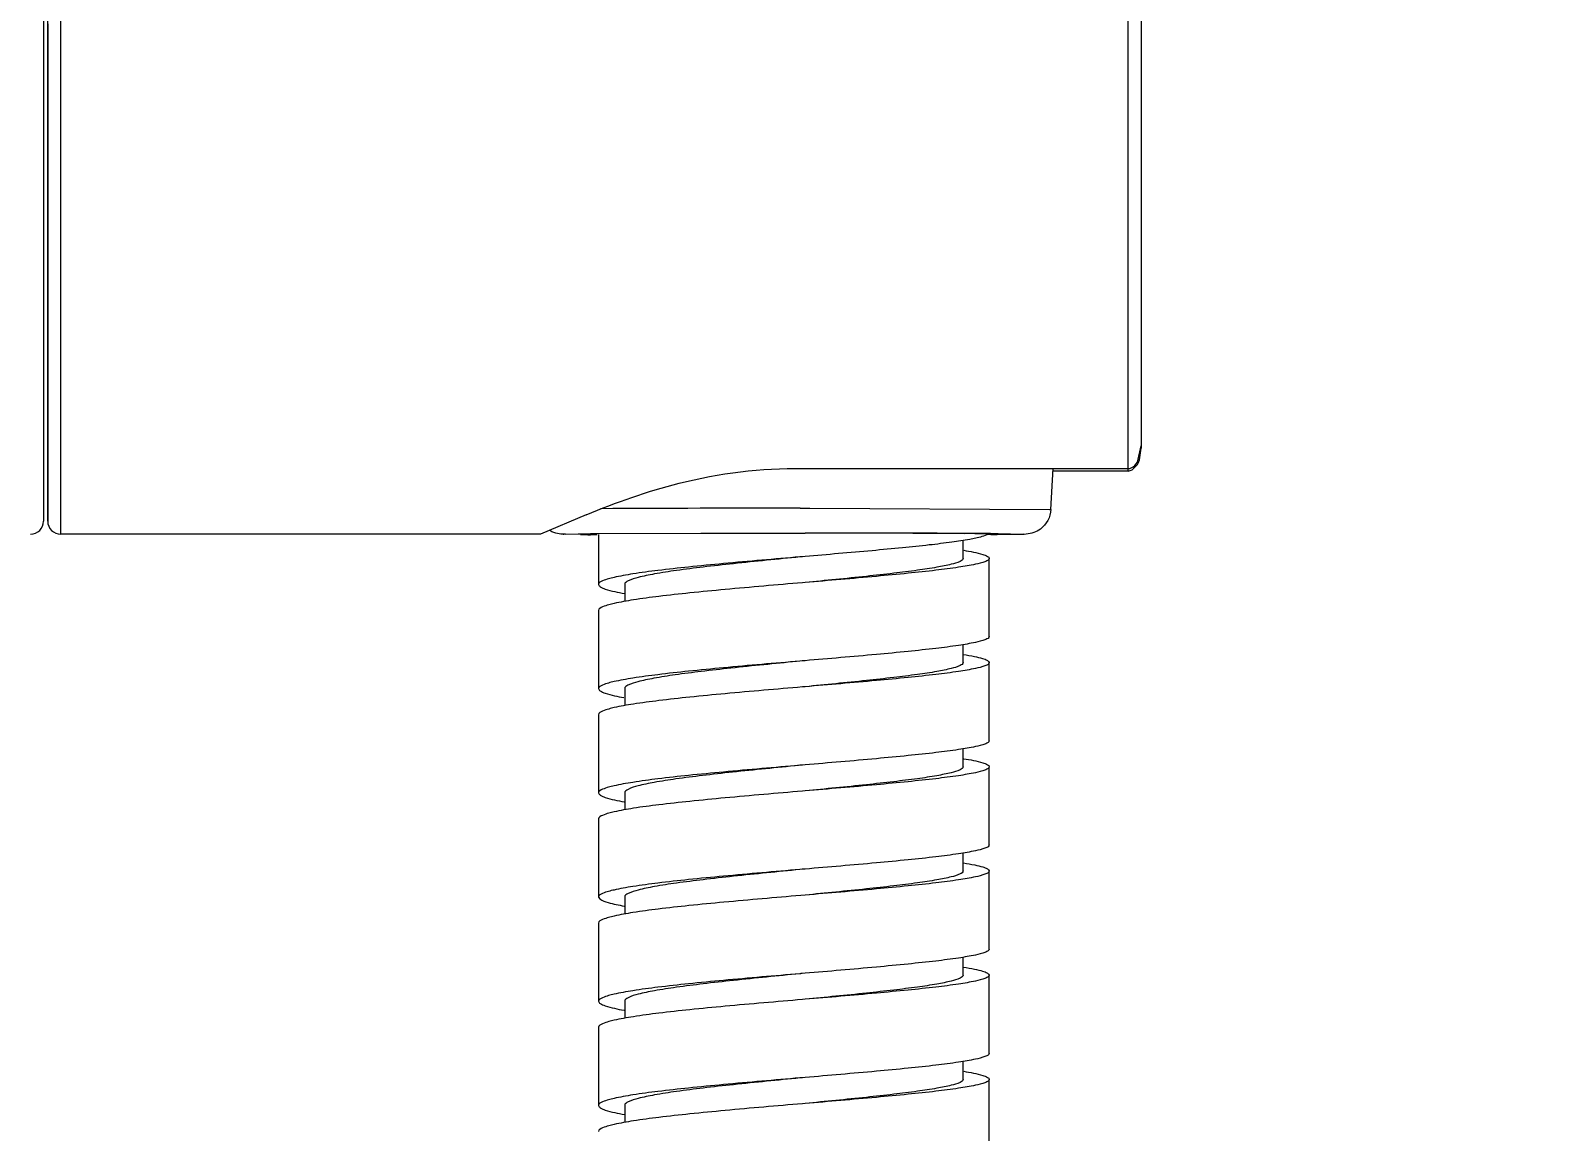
# Model space of a CAD drawing. Header units: millimetres. Extents: x 5438 to 6032, y -2661 to -1821.
# Drawn here: x 5628.51 to 5643.16, y -2231.39 to -2220.83 of the extents above; entities that cross this region are included whole.
import ezdxf

# ---------------------------------------------------------------- set-up
doc = ezdxf.new("R2010")
doc.units = ezdxf.units.MM
doc.header["$LTSCALE"] = 0.1
doc.layers.get('0').update_dxf_attribs({"lineweight": 15})
doc.layers.add('DIM', color=3, linetype='Continuous', lineweight=9)
doc.styles.get("Standard").update_dxf_attribs({"font": 'arial.ttf'})
doc.dimstyles.new('ISO-25', dxfattribs={"dimtxt": 2.5, "dimasz": 2.5, "dimexe": 1.25, "dimexo": 0.625, "dimtad": 1, "dimlfac": 5, "dimtxsty": 'Standard', "dimcen": 2.5, "dimadec": 0, "dimazin": 0, "dimtfac": 1, "dimtmove": 0, "dimatfit": 3, "dimfxl": 0, "dimarcsym": 0})

# ---------------------------------------------------------------- blocks, each defined once
blk = doc.blocks.new('*D122')
at = {"layer": 'Defpoints', "color": 0}
for p in [(5623.138, -2068.044), (5711.58, -2580.443), (5737.212, -2580.443)]:
    blk.add_point(p, dxfattribs=at)
at = {"layer": 'DIM', "color": 0, "lineweight": -2}
for p, q in [((5623.763, -2068.044), (5738.462, -2068.044)), ((5737.212, -2072.044), (5737.212, -2576.443)), ((5712.205, -2580.443), (5738.462, -2580.443))]:
    blk.add_line(p, q, dxfattribs=at)
at = {"layer": 'DIM', "color": 0}
for points in [[(5736.545, -2072.044), (5737.879, -2072.044), (5737.212, -2068.044)], [(5736.545, -2576.443), (5737.879, -2576.443), (5737.212, -2580.443)]]:
    blk.add_solid(points, dxfattribs=at)
at = {"layer": 'DIM', "color": 0, "insert": (5733.965, -2324.243), "char_height": 4, "attachment_point": 5, "rotation": 90}
blk.add_mtext('(2280)', dxfattribs=at)

msp = doc.modelspace()

# ---------------------------------------------------------------- linework, layer by layer
at = {"color": 7, "linetype": 'Continuous'}
for p, q in [((5628.8033, -2225.6589), (5628.8033, -2215.909)), ((5628.6378, -2216.034), (5628.6378, -2225.5342)), ((5628.6784, -2225.5342), (5628.6784, -2216.0339)), ((5639.0533, -2225.0529), (5639.0534, -2216.6079)), ((5639.1784, -2216.7329), (5639.1784, -2224.8351)), ((5628.6784, -2220.7607), (5628.6783, -2225.5213)), ((5628.6378, -2220.8254), (5628.6379, -2225.4914)), ((5639.1419, -2224.9664), (5639.1784, -2224.8107)), ((5639.1613, -2224.9463), (5639.1784, -2224.8351)), ((5635.9283, -2225.0298), (5639.0533, -2225.0298)), ((5638.3115, -2225.4222), (5638.332, -2225.0298)), ((5639.0533, -2225.0529), (5638.3308, -2225.0529)), ((5639.0533, -2225.0529), (5639.0921, -2225.0424)), ((5639.0921, -2225.0424), (5639.1418, -2224.9901)), ((5639.1518, -2224.9707), (5639.1613, -2224.9463)), ((5633.8475, -2225.4728), (5633.4084, -2225.6589)), ((5635.9019, -2225.4102), (5635.9252, -2225.4102)), ((5635.9252, -2225.4102), (5635.9973, -2225.4102)), ((5635.9973, -2225.4102), (5638.2962, -2225.4209)), ((5638.2962, -2225.4209), (5638.3115, -2225.4222)), ((5628.6783, -2225.5213), (5628.6783, -2225.534)), ((5633.6496, -2225.6575), (5633.8913, -2225.654)), ((5633.8913, -2225.654), (5635.9523, -2225.6483)), ((5635.9515, -2225.6494), (5633.9469, -2225.656)), ((5635.9696, -2225.6494), (5635.9515, -2225.6494)), ((5637.2283, -2225.6507), (5637.4817, -2225.6518)), ((5637.7322, -2225.6534), (5637.7975, -2225.654)), ((5637.7975, -2225.654), (5638.0481, -2225.6579)), ((5633.4082, -2225.659), (5628.8033, -2225.659)), ((5633.4084, -2225.6589), (5633.4074, -2225.659)), ((5633.6276, -2225.6601), (5633.6067, -2225.6588)), ((5633.6496, -2225.6575), (5633.6254, -2225.659)), ((5633.794, -2225.6633), (5633.6385, -2225.6603)), ((5633.8371, -2225.6638), (5633.8117, -2225.6635)), ((5633.8995, -2225.6568), (5633.8434, -2225.6591)), ((5633.8442, -2225.6591), (5633.8557, -2225.6602)), ((5633.8832, -2225.6611), (5633.8557, -2225.6602)), ((5633.9543, -2225.6648), (5633.8891, -2225.6643)), ((5633.9683, -2225.6615), (5633.9683, -2226.1414)), ((5637.4683, -2225.8914), (5637.4683, -2225.7193)), ((5637.6973, -2225.6619), (5637.7808, -2225.6591)), ((5637.7399, -2225.6622), (5637.7194, -2225.6625)), ((5637.7461, -2225.6561), (5637.7272, -2225.6559)), ((5637.7953, -2225.6643), (5637.7346, -2225.6648)), ((5637.8432, -2225.6592), (5637.7871, -2225.6614)), ((5637.8606, -2225.6637), (5637.7939, -2225.6643)), ((5638.0481, -2225.6579), (5637.7953, -2225.6643)), ((5637.8309, -2225.6581), (5637.8034, -2225.6572)), ((5637.8309, -2225.6581), (5637.8424, -2225.6592)), ((5637.9892, -2225.6619), (5637.8606, -2225.6637)), ((5635.922, -2225.8756), (5635.9014, -2225.8773)), ((5635.9514, -2225.8731), (5635.9245, -2225.8754)), ((5637.7183, -2226.6414), (5637.7183, -2225.8914)), ((5634.2183, -2226.1414), (5634.2183, -2226.3046)), ((5635.9514, -2226.1231), (5635.9245, -2226.1254)), ((5633.9683, -2226.3914), (5633.9683, -2227.1414)), ((5637.4683, -2226.8914), (5637.4683, -2226.7192)), ((5635.9224, -2226.8755), (5635.9014, -2226.8773)), ((5635.9514, -2226.8731), (5635.9245, -2226.8753)), ((5637.7183, -2227.6414), (5637.7183, -2226.8914)), ((5634.2183, -2227.1414), (5634.2183, -2227.3043)), ((5635.9514, -2227.1231), (5635.9246, -2227.1253)), ((5633.9683, -2227.3914), (5633.9683, -2228.1414)), ((5637.4683, -2227.8914), (5637.4683, -2227.7189)), ((5635.9222, -2227.8755), (5635.9015, -2227.8773)), ((5635.9514, -2227.8731), (5635.9246, -2227.8753)), ((5637.7183, -2228.6414), (5637.7183, -2227.8914)), ((5634.2183, -2228.1414), (5634.2183, -2228.3049)), ((5635.9514, -2228.1231), (5635.9245, -2228.1253)), ((5633.9683, -2228.3914), (5633.9683, -2229.1414)), ((5637.4683, -2228.8914), (5637.4683, -2228.7198)), ((5635.922, -2228.8755), (5635.9014, -2228.8773)), ((5635.9514, -2228.873), (5635.9245, -2228.8753)), ((5637.7183, -2229.6414), (5637.7183, -2228.8914)), ((5633.9683, -2229.1414), (5633.9799, -2229.1601)), ((5634.2183, -2229.1414), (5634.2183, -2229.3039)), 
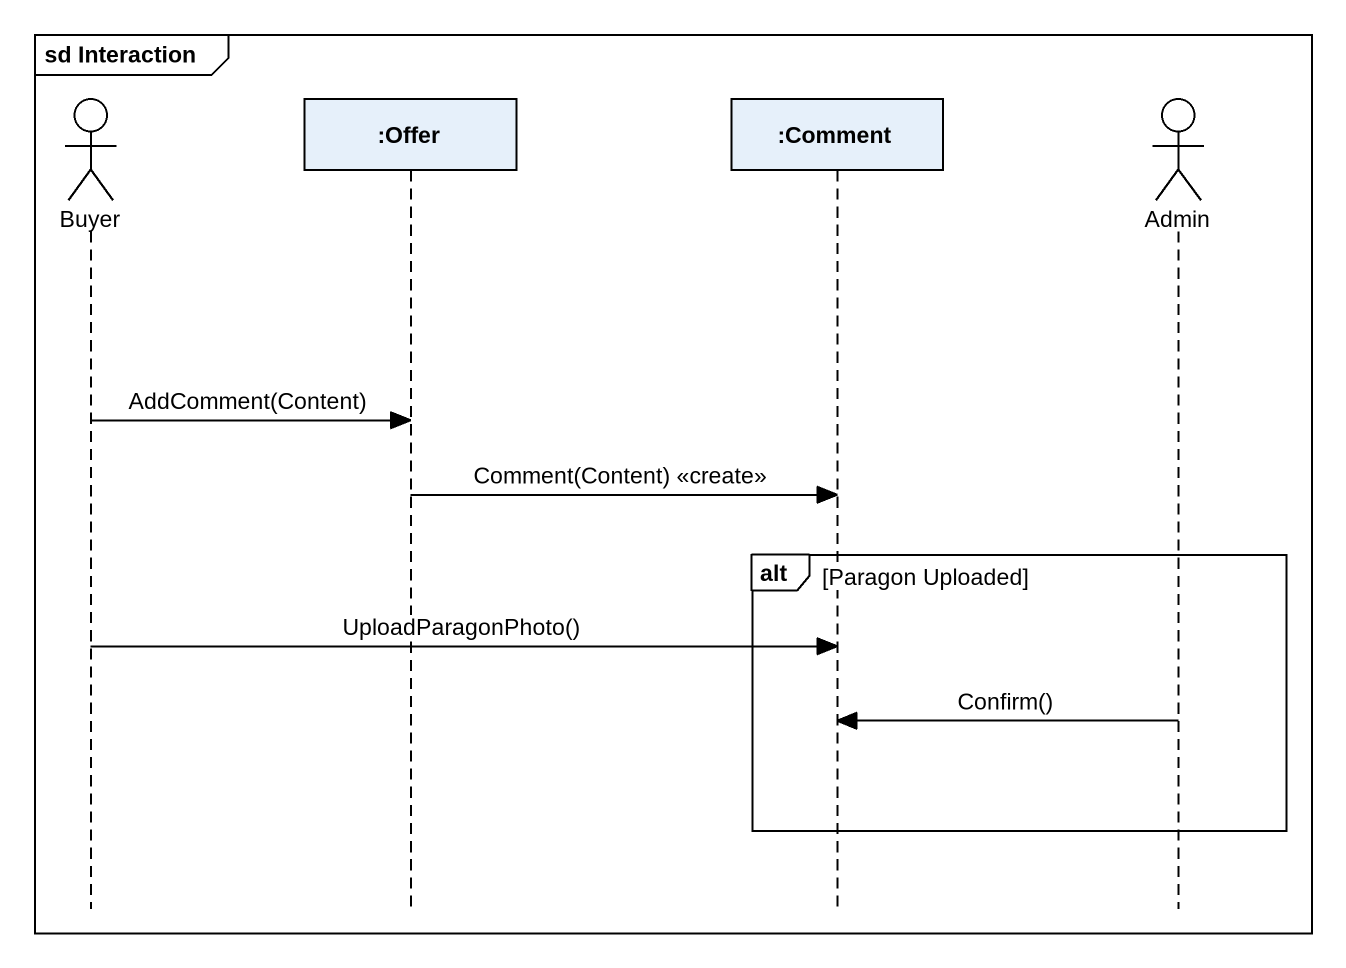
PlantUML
@startuml
mainframe sd Interaction
hide footbox
actor Buyer
participant ":Offer" as Offer
participant ":Comment" as Comment
actor Admin

Buyer -> Offer : AddComment(Content)
Offer -> Comment : Comment(Content) <<create>>
alt Paragon Uploaded
  Buyer -> Comment : UploadParagonPhoto()
  Admin -> Comment : Confirm()
end
@enduml

————————

**WHAT THE TASK REQUIRES**
Filter the listing above for lines with the word "ezdxf", and copy each one you find.

**WRITTEN RESPONSE**
import ezdxf
doc = ezdxf.new("R2010")
doc.units = ezdxf.units.MM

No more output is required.